Em entrevista ao Jornal da Hora, na manhã desta terça-feira (6), o governador em exercício, José Carlos Barbosa, o Barbosinha, apresentou as medidas implementadas pelo Governo de Mato Grosso do Sul para diminuir a violência de gênero e assegurar a proteção à vida das mulheres. 

Foto: Maria Luiza Massulo

Na ocasião, Barbosinha destacou a importância de um trabalho realizado de forma transversal e que envolva não só a segurança pública, mas as demais áreas da sociedade, como educação e saúde para combater o machismo estrutural, que é diagnosticado como a raiz da violência de gênero. 

“Há um trabalho muito importante com os grêmios estudantis, desenvolvido pela Secretaria de Cidadania, gerida pela Viviane Luiza. O grêmio estudantil, de todas as escolas recebem um recurso para suscitar o debate no ambiente das escolas e ensinar que quem ama não mata, quem ama não bate.
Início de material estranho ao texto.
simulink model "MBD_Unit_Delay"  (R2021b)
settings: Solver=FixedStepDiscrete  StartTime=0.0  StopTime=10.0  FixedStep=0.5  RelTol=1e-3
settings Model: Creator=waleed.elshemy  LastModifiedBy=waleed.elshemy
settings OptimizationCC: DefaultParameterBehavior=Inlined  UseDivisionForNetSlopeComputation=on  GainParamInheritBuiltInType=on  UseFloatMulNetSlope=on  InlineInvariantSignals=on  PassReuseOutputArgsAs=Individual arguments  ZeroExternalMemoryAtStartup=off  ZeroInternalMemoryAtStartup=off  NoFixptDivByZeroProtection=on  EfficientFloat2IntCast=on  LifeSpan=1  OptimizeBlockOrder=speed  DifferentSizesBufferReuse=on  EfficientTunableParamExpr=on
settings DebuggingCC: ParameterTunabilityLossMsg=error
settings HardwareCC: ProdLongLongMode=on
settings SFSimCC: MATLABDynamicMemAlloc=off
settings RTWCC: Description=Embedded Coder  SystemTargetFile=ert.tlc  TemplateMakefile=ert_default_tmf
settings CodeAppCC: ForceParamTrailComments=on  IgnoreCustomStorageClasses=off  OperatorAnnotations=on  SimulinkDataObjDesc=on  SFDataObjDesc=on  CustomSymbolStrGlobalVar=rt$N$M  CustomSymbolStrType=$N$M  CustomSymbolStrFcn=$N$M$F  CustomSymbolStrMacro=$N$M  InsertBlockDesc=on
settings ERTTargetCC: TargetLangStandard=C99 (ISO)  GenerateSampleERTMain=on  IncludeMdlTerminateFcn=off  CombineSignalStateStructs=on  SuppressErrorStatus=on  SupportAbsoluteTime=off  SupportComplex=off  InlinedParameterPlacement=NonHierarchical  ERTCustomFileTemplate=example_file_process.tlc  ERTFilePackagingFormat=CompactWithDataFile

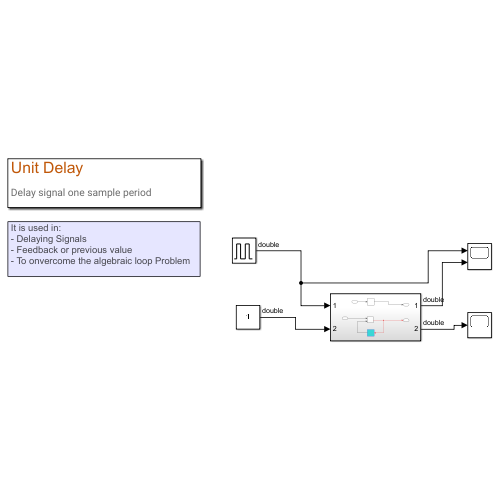
[thumbnail: Simulink's stored preview of the top-level diagram]
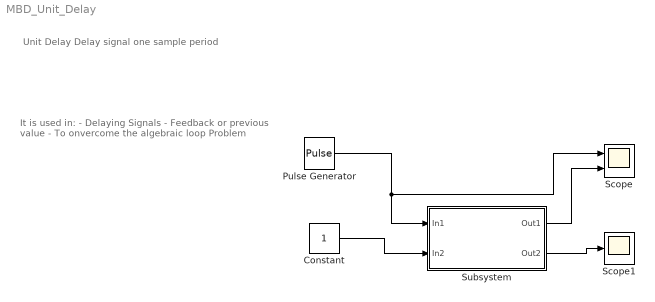
== system MBD_Unit_Delay ==
  note: It is used in:
      | - Delaying Signals
      | - Feedback or previous value
      | - To onvercome the algebraic loop Problem
  note: Unit Delay
      | Delay signal one sample period
  Constant : Constant
  Pulse Generator : DiscretePulseGenerator  PulseType=Time based  PulseWidth=25
  Scope : Scope  NumInputPorts=2
  Scope1 : Scope
  Subsystem : Subsystem
  wires:
  Pulse Generator/1 -> Subsystem/1(In1), Scope/1
  Constant/1 -> Subsystem/2(In2)
  Subsystem/1(Out1) -> Scope/2
  Subsystem/2(Out2) -> Scope1/1

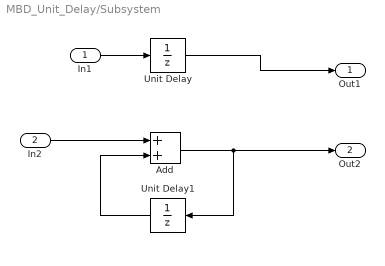
== system MBD_Unit_Delay/Subsystem ==
  In1 : Inport
  In2 : Inport  Port=2
  Add : Sum
  Unit Delay : UnitDelay  SampleTime=-1  HasFrameUpgradeWarning=on
  Unit Delay1 : UnitDelay  SampleTime=-1  HasFrameUpgradeWarning=on
  Out1 : Outport
  Out2 : Outport  Port=2
  wires:
  Add/1 -> Out2/1, Unit Delay1/1
  Unit Delay1/1 -> Add/2
  In2/1 -> Add/1
  Unit Delay/1 -> Out1/1
  In1/1 -> Unit Delay/1

Essa questão estrutural precisa ser combatida”, afirma. 

Do ponto de vista da repressão, o governador frisou que não houve qualquer caso denunciado de feminicídio ou violência doméstica, em 2025, que não tenha sido criteriosamente investigado pelas autoridades e os responsáveis devidamente punidos, um avanço importante para o Estado após vir a público uma série de denúncias a respeito do atendimento nas Delegacias Especializadas em Atendimento às Mulheres. 

“Mato Grosso do Sul vem encorajando as mulheres a denunciar. E talvez seja por esta razão que ostentamos esses indicadores, aqui nós temos uma rede de proteção que estimula e incentiva as mulheres a denunciar os seus agressores, sem deixar que os números fiquem reprimidos”, conclui.